Food today hasn’t been brilliant.  After the exam I went for lunch with some classmates and ordered a burger and fries with a pint of Magner’s cider (it was that kind of shellshock).  I ate the chips - there were only 9 little totsy ones! - and after two bites of the burger I decided I didn’t like it enough to make it worth the calories. I had a quarter of my pint; it took enough time for me to drink that to take the edge from my anxiety.  I got a baguette from my favourite sandwich deli instead, along with a little treat.  It’s 9pm now and I’m only just starting to get tickles of hunger.  If I have anything it will probably be only a small bowl of pasta with pesto.  I LOVE pesto!!

Weight today: ???

Breakfast: none - too anxious!

Lunch: two bites of a bad burger, 9 small fries then wholemeal tuna mayo sweetcorn baguette and a caramel shortcake

Afternoon snack: one maryland cookie (small), sunmaid raisins

Tea: tbc


Water: 80oz!!

Exercise: 45 minute walk, 50 straight sit ups, 20 left side twists, 20 right side twists, 40 reps of 17.4lb weights


I am super pleased with myself about my water, 80z is easier when you have pint glasses and a little diluting juice :)  The exercise was good too.  I cycled between the weights and different types of sit ups to vary it a bit and my stomach has that delicious “worked hard” feeling.
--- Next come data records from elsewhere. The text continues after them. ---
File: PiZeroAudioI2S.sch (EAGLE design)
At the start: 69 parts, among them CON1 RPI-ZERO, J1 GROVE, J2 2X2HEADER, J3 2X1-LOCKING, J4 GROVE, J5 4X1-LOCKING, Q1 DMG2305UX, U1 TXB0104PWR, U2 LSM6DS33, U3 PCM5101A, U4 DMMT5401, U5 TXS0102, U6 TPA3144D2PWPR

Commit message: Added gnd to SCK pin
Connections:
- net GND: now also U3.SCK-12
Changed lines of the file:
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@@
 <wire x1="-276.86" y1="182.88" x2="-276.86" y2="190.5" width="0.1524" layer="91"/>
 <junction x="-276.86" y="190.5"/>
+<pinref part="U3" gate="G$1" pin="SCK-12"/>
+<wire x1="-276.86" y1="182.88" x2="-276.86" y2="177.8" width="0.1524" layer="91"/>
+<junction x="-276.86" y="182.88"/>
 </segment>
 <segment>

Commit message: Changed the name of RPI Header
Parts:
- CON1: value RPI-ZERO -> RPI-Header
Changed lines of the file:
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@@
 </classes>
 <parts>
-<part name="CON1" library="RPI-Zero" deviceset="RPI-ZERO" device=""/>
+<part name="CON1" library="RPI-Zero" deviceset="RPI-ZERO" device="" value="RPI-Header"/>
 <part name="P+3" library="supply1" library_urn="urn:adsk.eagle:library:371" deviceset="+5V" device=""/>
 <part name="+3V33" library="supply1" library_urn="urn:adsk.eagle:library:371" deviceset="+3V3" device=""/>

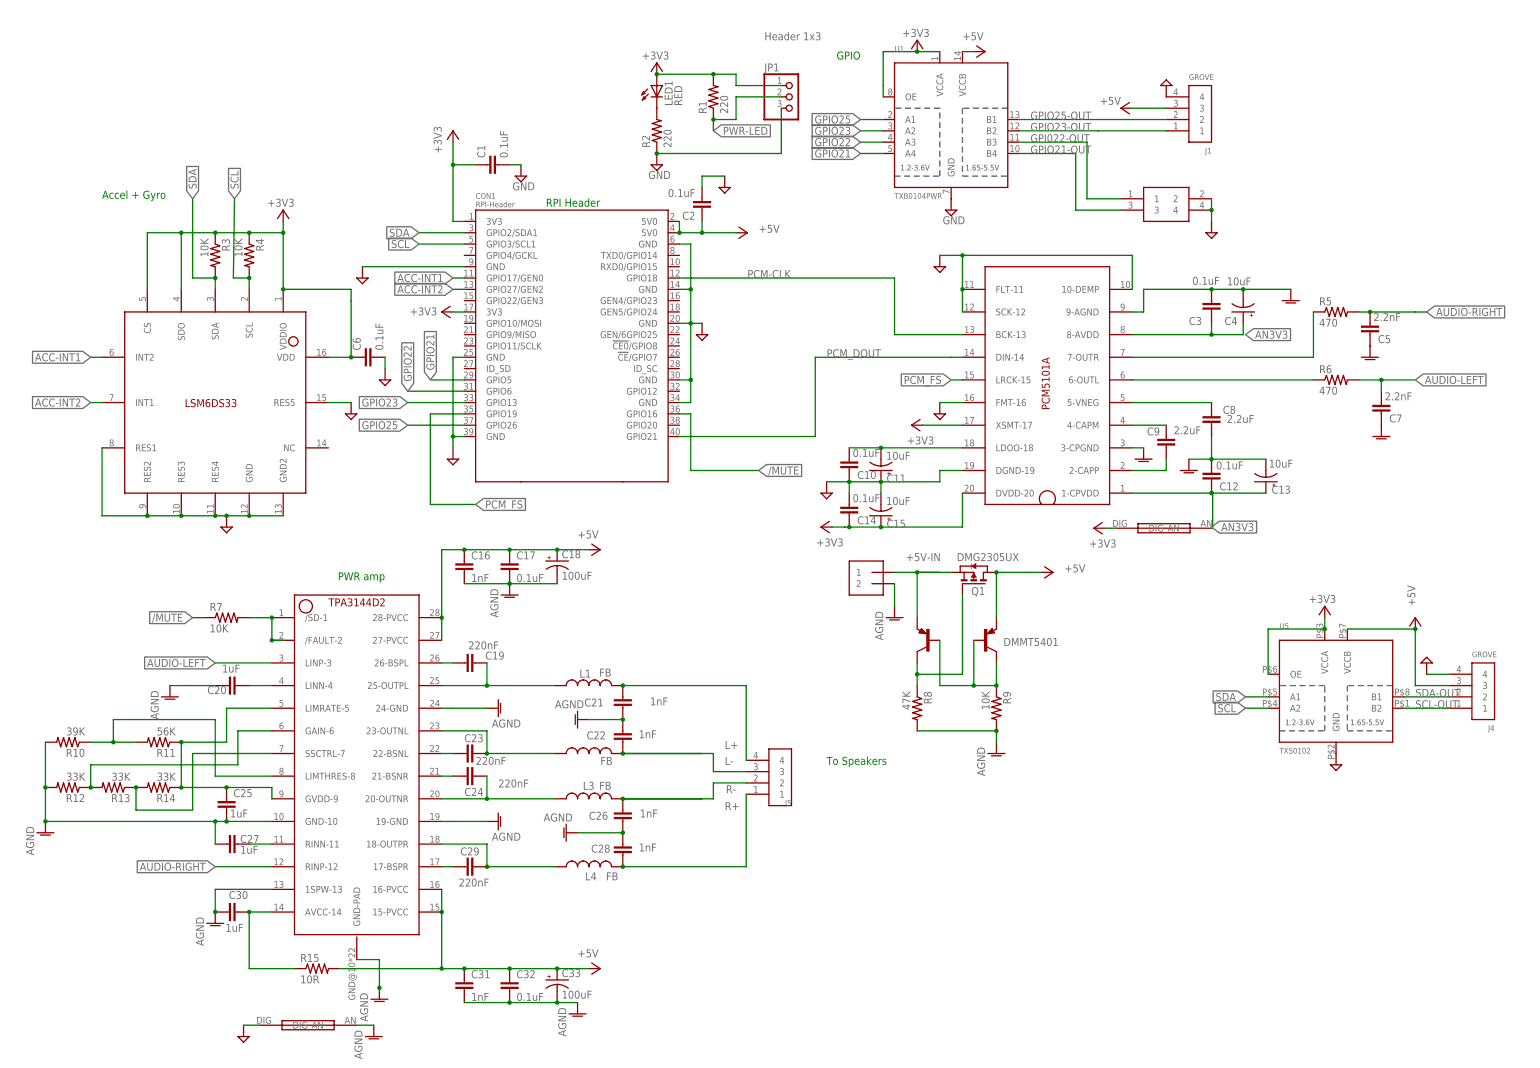
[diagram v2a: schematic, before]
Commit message: Swapped position of Mosfet Capacitively coupled Audio Set OE of I2C translator to GND Set Mute so it floats to +5
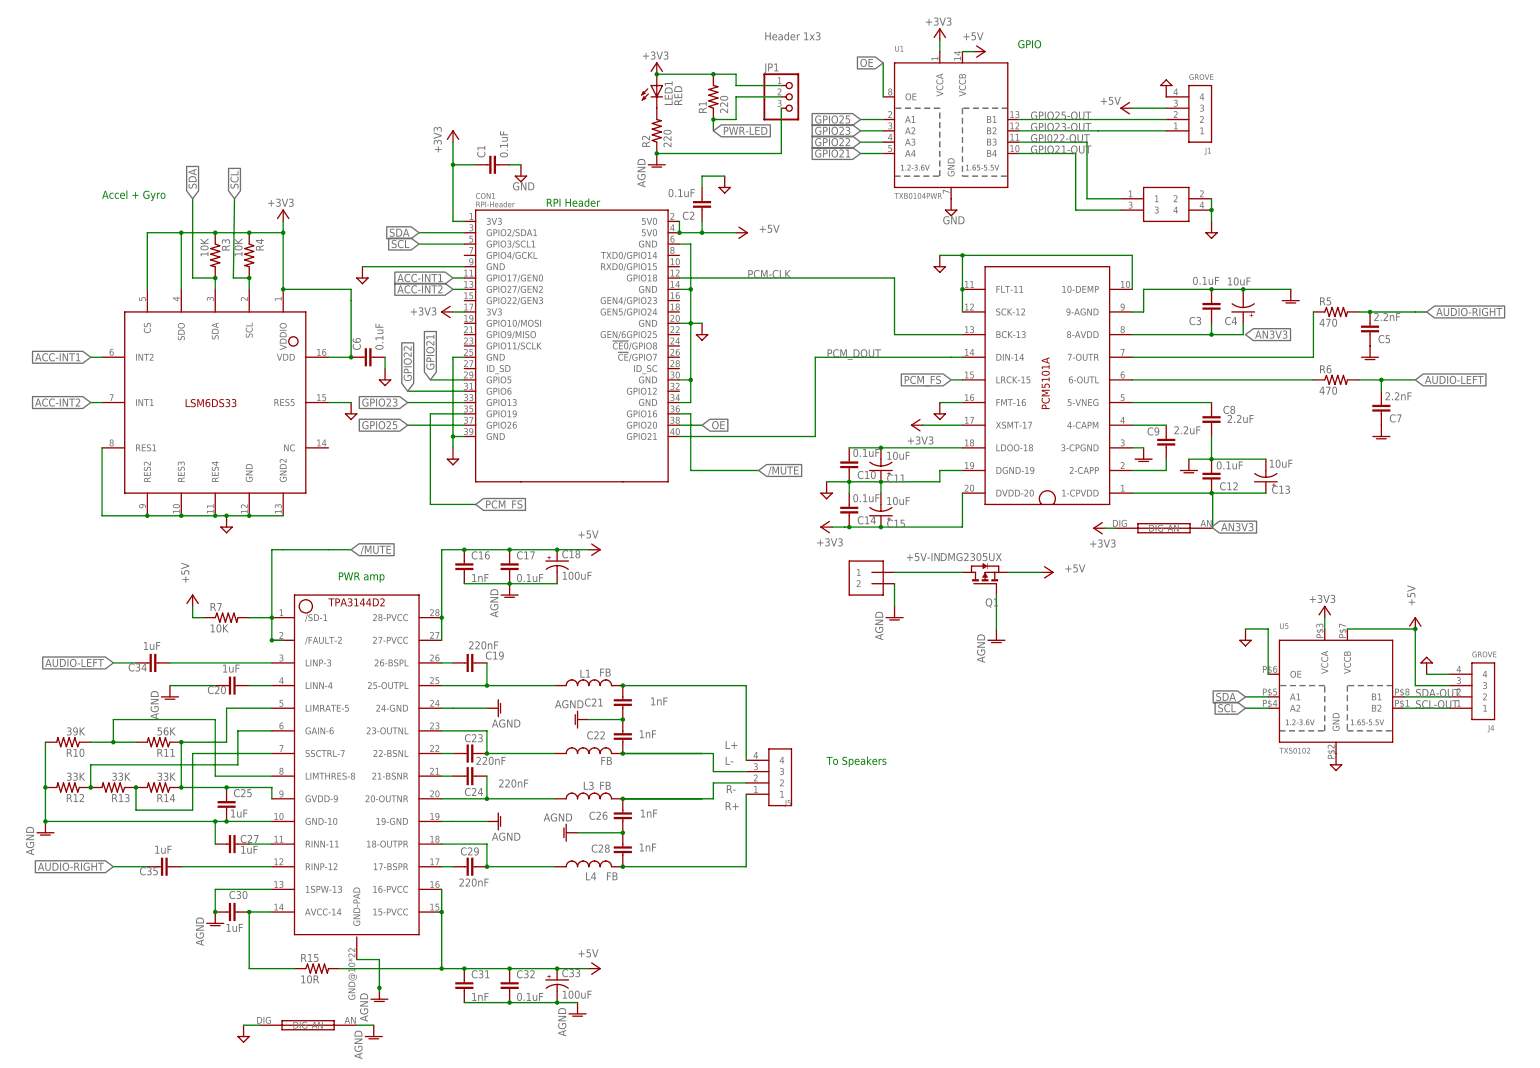
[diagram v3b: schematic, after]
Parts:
- removed R8: 47K, adafruit:R-US_R0603
- removed R9: 10K, adafruit:R-US_R0603
- removed U4: DMMT5401, HappyBrackets:DMMT5401
- added C34, C35: 1uF, rcl:C-EUC0603
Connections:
- removed net N$22: R9.1, U4G$1.B, U4G$2.B, U4G$2.C
- removed net N$27: Q1.G, R8.1, U4G$1.C
- removed net N$5: R7.2, U6./FAULT-2, U6./SD-1
- new net N$14: C34.1, U6.LINP-3
- new net N$15: C35.1, U6.RINP-12
- new net OE: CON1.GPIO20, U1.OE
- net +3V3: no longer U1.OE, U5.OE
- net +5V: now also Q1.S, R7.1; no longer Q1.D, U4G$2.E
- net +5V-IN: now also Q1.D; no longer Q1.S, U4G$1.E
- net /MUTE: now also R7.2, U6./FAULT-2, U6./SD-1; no longer R7.1
- net AGND: now also JP1.3, Q1.G, R2.1; no longer R8.2, R9.2
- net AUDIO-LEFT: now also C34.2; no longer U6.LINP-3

But the best thing about today - I joined Eileen’s May Challenge and I am totally, uber excited about it!  Seriously, I never knew I could be so damn motivated about little pixel stars!!  I have four from 2 on plan food days and the accumulated exercise.  I am determined to get a GREEN star as soon as I can!  Thank you a hundred times Eileen for motivating me - good job!

And McCupcake - I’m glad you got something from the paper.  It just clicked with me when I was studying that it was so relevant to what we’re all doing here!